**ASSIGNMENT**
Go through the entries below and copy each line that holds the word "exitDy".

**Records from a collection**
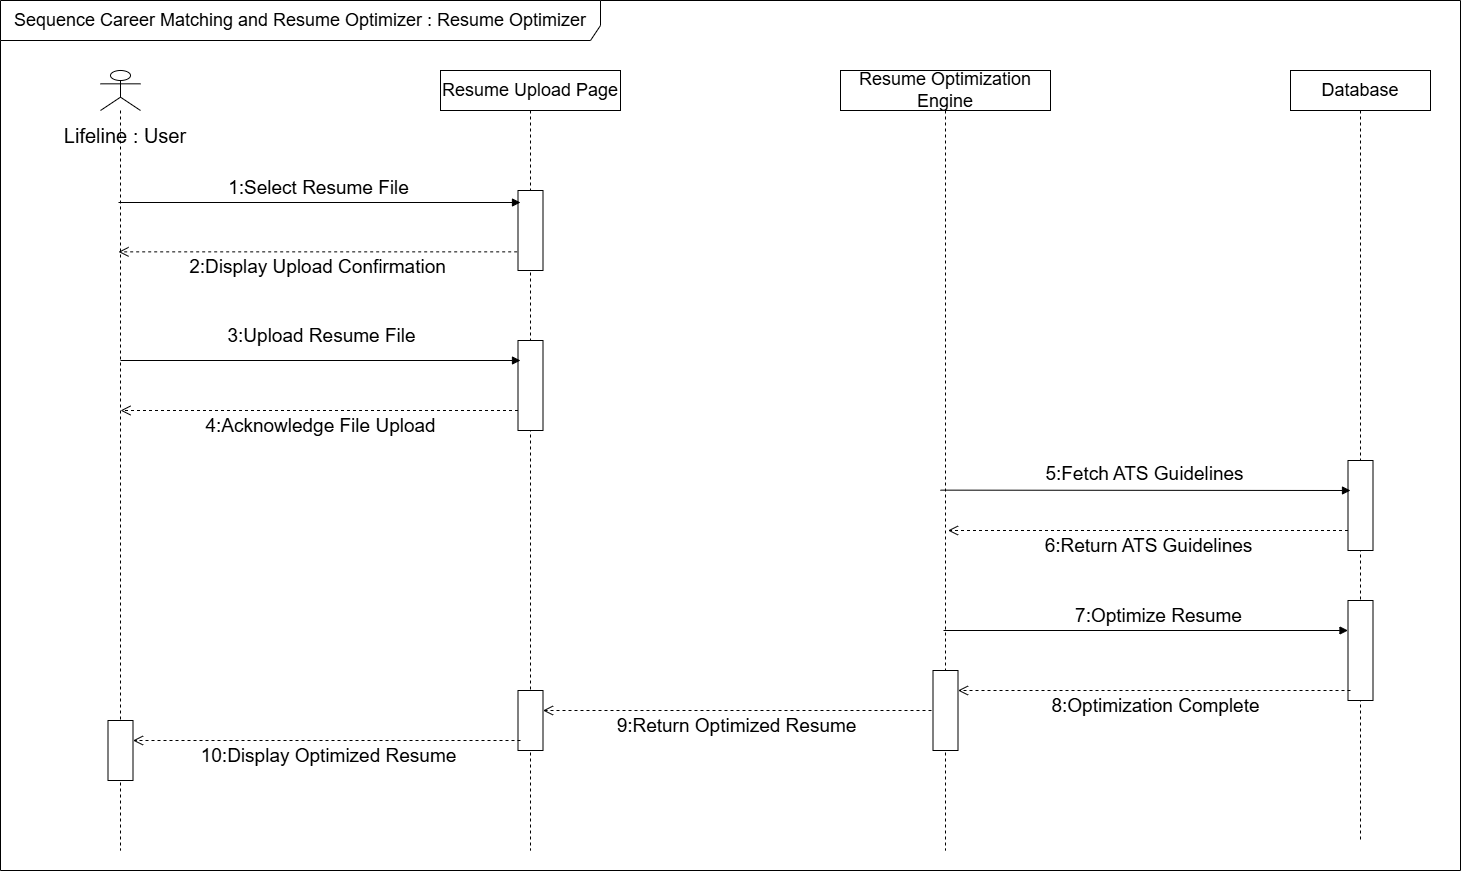

The diagram above was exported from draw.io. Its source (the exported page's mxGraphModel, read from the mxfile embedded in the PNG):
<mxGraphModel dx="1985" dy="1135" grid="1" gridSize="10" guides="1" tooltips="1" connect="1" arrows="1" fold="1" page="1" pageScale="1" pageWidth="1600" pageHeight="1200" math="0" shadow="0">
  <root>
    <mxCell id="0" />
    <mxCell id="1" parent="0" />
    <mxCell id="3hUHAVL2Eii8CSCxkRKW-1" value="&lt;font style=&quot;font-size: 18px;&quot;&gt;Sequence Career Matching and Resume Optimizer : Resume Optimizer&lt;/font&gt;" style="shape=umlFrame;whiteSpace=wrap;html=1;pointerEvents=0;width=600;height=40;" parent="1" vertex="1">
      <mxGeometry x="70" y="50" width="1460" height="870" as="geometry" />
    </mxCell>
    <mxCell id="3hUHAVL2Eii8CSCxkRKW-4" value="" style="shape=umlLifeline;perimeter=lifelinePerimeter;whiteSpace=wrap;html=1;container=1;dropTarget=0;collapsible=0;recursiveResize=0;outlineConnect=0;portConstraint=eastwest;newEdgeStyle={&quot;curved&quot;:0,&quot;rounded&quot;:0};participant=umlActor;" parent="1" vertex="1">
      <mxGeometry x="170" y="120" width="40" height="780" as="geometry" />
    </mxCell>
    <mxCell id="3hUHAVL2Eii8CSCxkRKW-41" value="" style="html=1;points=[[0,0,0,0,5],[0,1,0,0,-5],[1,0,0,0,5],[1,1,0,0,-5]];perimeter=orthogonalPerimeter;outlineConnect=0;targetShapes=umlLifeline;portConstraint=eastwest;newEdgeStyle={&quot;curved&quot;:0,&quot;rounded&quot;:0};" parent="3hUHAVL2Eii8CSCxkRKW-4" vertex="1">
      <mxGeometry x="7.5" y="650" width="25" height="60" as="geometry" />
    </mxCell>
    <mxCell id="3hUHAVL2Eii8CSCxkRKW-5" value="&lt;font style=&quot;font-size: 20px;&quot;&gt;Lifeline : User&lt;/font&gt;" style="text;html=1;align=center;verticalAlign=middle;whiteSpace=wrap;rounded=0;" parent="1" vertex="1">
      <mxGeometry x="120" y="160" width="150" height="50" as="geometry" />
    </mxCell>
    <mxCell id="3hUHAVL2Eii8CSCxkRKW-6" value="Resume Upload Page" style="shape=umlLifeline;perimeter=lifelinePerimeter;whiteSpace=wrap;html=1;container=1;dropTarget=0;collapsible=0;recursiveResize=0;outlineConnect=0;portConstraint=eastwest;newEdgeStyle={&quot;curved&quot;:0,&quot;rounded&quot;:0};fontSize=18;" parent="1" vertex="1">
      <mxGeometry x="510" y="120" width="180" height="780" as="geometry" />
    </mxCell>
    <mxCell id="3hUHAVL2Eii8CSCxkRKW-9" value="" style="html=1;points=[[0,0,0,0,5],[0,1,0,0,-5],[1,0,0,0,5],[1,1,0,0,-5]];perimeter=orthogonalPerimeter;outlineConnect=0;targetShapes=umlLifeline;portConstraint=eastwest;newEdgeStyle={&quot;curved&quot;:0,&quot;rounded&quot;:0};" parent="3hUHAVL2Eii8CSCxkRKW-6" vertex="1">
      <mxGeometry x="77.5" y="120" width="25" height="80" as="geometry" />
    </mxCell>
    <mxCell id="3hUHAVL2Eii8CSCxkRKW-39" value="" style="html=1;points=[[0,0,0,0,5],[0,1,0,0,-5],[1,0,0,0,5],[1,1,0,0,-5]];perimeter=orthogonalPerimeter;outlineConnect=0;targetShapes=umlLifeline;portConstraint=eastwest;newEdgeStyle={&quot;curved&quot;:0,&quot;rounded&quot;:0};" parent="3hUHAVL2Eii8CSCxkRKW-6" vertex="1">
      <mxGeometry x="77.5" y="620" width="25" height="60" as="geometry" />
    </mxCell>
    <mxCell id="3hUHAVL2Eii8CSCxkRKW-44" value="" style="html=1;points=[[0,0,0,0,5],[0,1,0,0,-5],[1,0,0,0,5],[1,1,0,0,-5]];perimeter=orthogonalPerimeter;outlineConnect=0;targetShapes=umlLifeline;portConstraint=eastwest;newEdgeStyle={&quot;curved&quot;:0,&quot;rounded&quot;:0};" parent="3hUHAVL2Eii8CSCxkRKW-6" vertex="1">
      <mxGeometry x="77.5" y="270" width="25" height="90" as="geometry" />
    </mxCell>
    <mxCell id="3hUHAVL2Eii8CSCxkRKW-7" value="&lt;span style=&quot;font-size: 18px;&quot;&gt;Resume Optimization Engine&lt;/span&gt;" style="shape=umlLifeline;perimeter=lifelinePerimeter;whiteSpace=wrap;html=1;container=1;dropTarget=0;collapsible=0;recursiveResize=0;outlineConnect=0;portConstraint=eastwest;newEdgeStyle={&quot;curved&quot;:0,&quot;rounded&quot;:0};size=40;" parent="1" vertex="1">
      <mxGeometry x="910" y="120" width="210" height="780" as="geometry" />
    </mxCell>
    <mxCell id="3hUHAVL2Eii8CSCxkRKW-23" value="" style="html=1;points=[[0,0,0,0,5],[0,1,0,0,-5],[1,0,0,0,5],[1,1,0,0,-5]];perimeter=orthogonalPerimeter;outlineConnect=0;targetShapes=umlLifeline;portConstraint=eastwest;newEdgeStyle={&quot;curved&quot;:0,&quot;rounded&quot;:0};" parent="3hUHAVL2Eii8CSCxkRKW-7" vertex="1">
      <mxGeometry x="92.5" y="600" width="25" height="80" as="geometry" />
    </mxCell>
    <mxCell id="3hUHAVL2Eii8CSCxkRKW-8" value="&lt;font style=&quot;font-size: 18px;&quot;&gt;Database&lt;/font&gt;" style="shape=umlLifeline;perimeter=lifelinePerimeter;whiteSpace=wrap;html=1;container=1;dropTarget=0;collapsible=0;recursiveResize=0;outlineConnect=0;portConstraint=eastwest;newEdgeStyle={&quot;curved&quot;:0,&quot;rounded&quot;:0};" parent="1" vertex="1">
      <mxGeometry x="1360" y="120" width="140" height="770" as="geometry" />
    </mxCell>
    <mxCell id="3hUHAVL2Eii8CSCxkRKW-18" value="" style="html=1;points=[[0,0,0,0,5],[0,1,0,0,-5],[1,0,0,0,5],[1,1,0,0,-5]];perimeter=orthogonalPerimeter;outlineConnect=0;targetShapes=umlLifeline;portConstraint=eastwest;newEdgeStyle={&quot;curved&quot;:0,&quot;rounded&quot;:0};" parent="3hUHAVL2Eii8CSCxkRKW-8" vertex="1">
      <mxGeometry x="57.5" y="390" width="25" height="90" as="geometry" />
    </mxCell>
    <mxCell id="3hUHAVL2Eii8CSCxkRKW-33" value="" style="html=1;points=[[0,0,0,0,5],[0,1,0,0,-5],[1,0,0,0,5],[1,1,0,0,-5]];perimeter=orthogonalPerimeter;outlineConnect=0;targetShapes=umlLifeline;portConstraint=eastwest;newEdgeStyle={&quot;curved&quot;:0,&quot;rounded&quot;:0};" parent="3hUHAVL2Eii8CSCxkRKW-8" vertex="1">
      <mxGeometry x="57.5" y="530" width="25" height="100" as="geometry" />
    </mxCell>
    <mxCell id="3hUHAVL2Eii8CSCxkRKW-10" value="&lt;span style=&quot;font-size: 19px;&quot;&gt;1:Select Resume File&lt;/span&gt;" style="html=1;verticalAlign=bottom;endArrow=block;curved=0;rounded=0;entryX=0.1;entryY=0.15;entryDx=0;entryDy=0;entryPerimeter=0;" parent="1" source="3hUHAVL2Eii8CSCxkRKW-4" target="3hUHAVL2Eii8CSCxkRKW-9" edge="1">
      <mxGeometry width="80" relative="1" as="geometry">
        <mxPoint x="190" y="250" as="sourcePoint" />
        <mxPoint x="580" y="252" as="targetPoint" />
      </mxGeometry>
    </mxCell>
    <mxCell id="3hUHAVL2Eii8CSCxkRKW-13" value="&lt;font style=&quot;font-size: 19px;&quot;&gt;2:Display Upload Confirmation&lt;/font&gt;" style="html=1;verticalAlign=bottom;endArrow=open;dashed=1;endSize=8;curved=0;rounded=0;exitX=-0.033;exitY=0.767;exitDx=0;exitDy=0;exitPerimeter=0;" parent="1" target="3hUHAVL2Eii8CSCxkRKW-4" edge="1" source="3hUHAVL2Eii8CSCxkRKW-9">
      <mxGeometry x="-0.0019" y="30" relative="1" as="geometry">
        <mxPoint x="580" y="300" as="sourcePoint" />
        <mxPoint x="510" y="300" as="targetPoint" />
        <mxPoint as="offset" />
      </mxGeometry>
    </mxCell>
    <mxCell id="3hUHAVL2Eii8CSCxkRKW-19" value="&lt;span style=&quot;font-size: 19px;&quot;&gt;5:Fetch ATS Guidelines&lt;/span&gt;" style="html=1;verticalAlign=bottom;endArrow=block;curved=0;rounded=0;entryX=0.1;entryY=0.25;entryDx=0;entryDy=0;entryPerimeter=0;exitX=0.476;exitY=0.538;exitDx=0;exitDy=0;exitPerimeter=0;" parent="1" source="3hUHAVL2Eii8CSCxkRKW-7" edge="1">
      <mxGeometry x="0.0025" y="2" width="80" relative="1" as="geometry">
        <mxPoint x="1020" y="540" as="sourcePoint" />
        <mxPoint x="1420" y="540" as="targetPoint" />
        <mxPoint x="-1" as="offset" />
      </mxGeometry>
    </mxCell>
    <mxCell id="3hUHAVL2Eii8CSCxkRKW-20" value="&lt;span style=&quot;font-size: 19px;&quot;&gt;6:Return ATS Guidelines&lt;/span&gt;" style="html=1;verticalAlign=bottom;endArrow=open;dashed=1;endSize=8;curved=0;rounded=0;" parent="1" edge="1" source="3hUHAVL2Eii8CSCxkRKW-18">
      <mxGeometry x="-0.0019" y="30" relative="1" as="geometry">
        <mxPoint x="1410" y="580" as="sourcePoint" />
        <mxPoint x="1017.5" y="580" as="targetPoint" />
        <mxPoint as="offset" />
      </mxGeometry>
    </mxCell>
    <mxCell id="3hUHAVL2Eii8CSCxkRKW-26" value="&lt;span style=&quot;font-size: 19px;&quot;&gt;9:Return Optimized Resume&lt;/span&gt;" style="html=1;verticalAlign=bottom;endArrow=open;dashed=1;endSize=8;curved=0;rounded=0;" parent="1" target="3hUHAVL2Eii8CSCxkRKW-39" edge="1">
      <mxGeometry x="-0.0019" y="30" relative="1" as="geometry">
        <mxPoint x="1001" y="760" as="sourcePoint" />
        <mxPoint x="630" y="760" as="targetPoint" />
        <mxPoint as="offset" />
      </mxGeometry>
    </mxCell>
    <mxCell id="3hUHAVL2Eii8CSCxkRKW-36" value="&lt;span style=&quot;font-size: 19px;&quot;&gt;7:Optimize Resume&lt;/span&gt;" style="html=1;verticalAlign=bottom;endArrow=block;curved=0;rounded=0;" parent="1" source="3hUHAVL2Eii8CSCxkRKW-7" edge="1">
      <mxGeometry x="0.0692" width="80" relative="1" as="geometry">
        <mxPoint x="1020" y="680" as="sourcePoint" />
        <mxPoint x="1417.5" y="680" as="targetPoint" />
        <mxPoint as="offset" />
      </mxGeometry>
    </mxCell>
    <mxCell id="3hUHAVL2Eii8CSCxkRKW-37" value="&lt;span style=&quot;font-size: 19px;&quot;&gt;8:Optimization Complete&lt;/span&gt;" style="html=1;verticalAlign=bottom;endArrow=open;dashed=1;endSize=8;curved=0;rounded=0;exitX=0.1;exitY=0.667;exitDx=0;exitDy=0;exitPerimeter=0;" parent="1" target="3hUHAVL2Eii8CSCxkRKW-23" edge="1">
      <mxGeometry x="-0.0019" y="30" relative="1" as="geometry">
        <mxPoint x="1420" y="740" as="sourcePoint" />
        <mxPoint x="1040" y="740" as="targetPoint" />
        <mxPoint as="offset" />
      </mxGeometry>
    </mxCell>
    <mxCell id="3hUHAVL2Eii8CSCxkRKW-43" value="&lt;span style=&quot;font-size: 19px;&quot;&gt;10:Display Optimized Resume&lt;/span&gt;" style="html=1;verticalAlign=bottom;endArrow=open;dashed=1;endSize=8;curved=0;rounded=0;" parent="1" target="3hUHAVL2Eii8CSCxkRKW-41" edge="1">
      <mxGeometry x="-0.0019" y="30" relative="1" as="geometry">
        <mxPoint x="590" y="790" as="sourcePoint" />
        <mxPoint x="210" y="790" as="targetPoint" />
        <mxPoint as="offset" />
      </mxGeometry>
    </mxCell>
    <mxCell id="3hUHAVL2Eii8CSCxkRKW-46" value="&lt;span style=&quot;font-size: 19px;&quot;&gt;3:Upload Resume File&lt;/span&gt;" style="html=1;verticalAlign=bottom;endArrow=block;curved=0;rounded=0;" parent="1" edge="1">
      <mxGeometry y="10" width="80" relative="1" as="geometry">
        <mxPoint x="190" y="410" as="sourcePoint" />
        <mxPoint x="590" y="410" as="targetPoint" />
        <mxPoint x="1" as="offset" />
      </mxGeometry>
    </mxCell>
    <mxCell id="3hUHAVL2Eii8CSCxkRKW-47" value="&lt;span style=&quot;font-size: 19px;&quot;&gt;4:Acknowledge File Upload&lt;/span&gt;" style="html=1;verticalAlign=bottom;endArrow=open;dashed=1;endSize=8;curved=0;rounded=0;" parent="1" edge="1" source="3hUHAVL2Eii8CSCxkRKW-44">
      <mxGeometry x="-0.0019" y="30" relative="1" as="geometry">
        <mxPoint x="580" y="460" as="sourcePoint" />
        <mxPoint x="189.99761904761903" y="460" as="targetPoint" />
        <mxPoint as="offset" />
      </mxGeometry>
    </mxCell>
  </root>
</mxGraphModel>

**OUTPUT**
    <mxCell id="3hUHAVL2Eii8CSCxkRKW-13" value="&lt;font style=&quot;font-size: 19px;&quot;&gt;2:Display Upload Confirmation&lt;/font&gt;" style="html=1;verticalAlign=bottom;endArrow=open;dashed=1;endSize=8;curved=0;rounded=0;exitX=-0.033;exitY=0.767;exitDx=0;exitDy=0;exitPerimeter=0;" parent="1" target="3hUHAVL2Eii8CSCxkRKW-4" edge="1" source="3hUHAVL2Eii8CSCxkRKW-9">
    <mxCell id="3hUHAVL2Eii8CSCxkRKW-19" value="&lt;span style=&quot;font-size: 19px;&quot;&gt;5:Fetch ATS Guidelines&lt;/span&gt;" style="html=1;verticalAlign=bottom;endArrow=block;curved=0;rounded=0;entryX=0.1;entryY=0.25;entryDx=0;entryDy=0;entryPerimeter=0;exitX=0.476;exitY=0.538;exitDx=0;exitDy=0;exitPerimeter=0;" parent="1" source="3hUHAVL2Eii8CSCxkRKW-7" edge="1">
    <mxCell id="3hUHAVL2Eii8CSCxkRKW-37" value="&lt;span style=&quot;font-size: 19px;&quot;&gt;8:Optimization Complete&lt;/span&gt;" style="html=1;verticalAlign=bottom;endArrow=open;dashed=1;endSize=8;curved=0;rounded=0;exitX=0.1;exitY=0.667;exitDx=0;exitDy=0;exitPerimeter=0;" parent="1" target="3hUHAVL2Eii8CSCxkRKW-23" edge="1">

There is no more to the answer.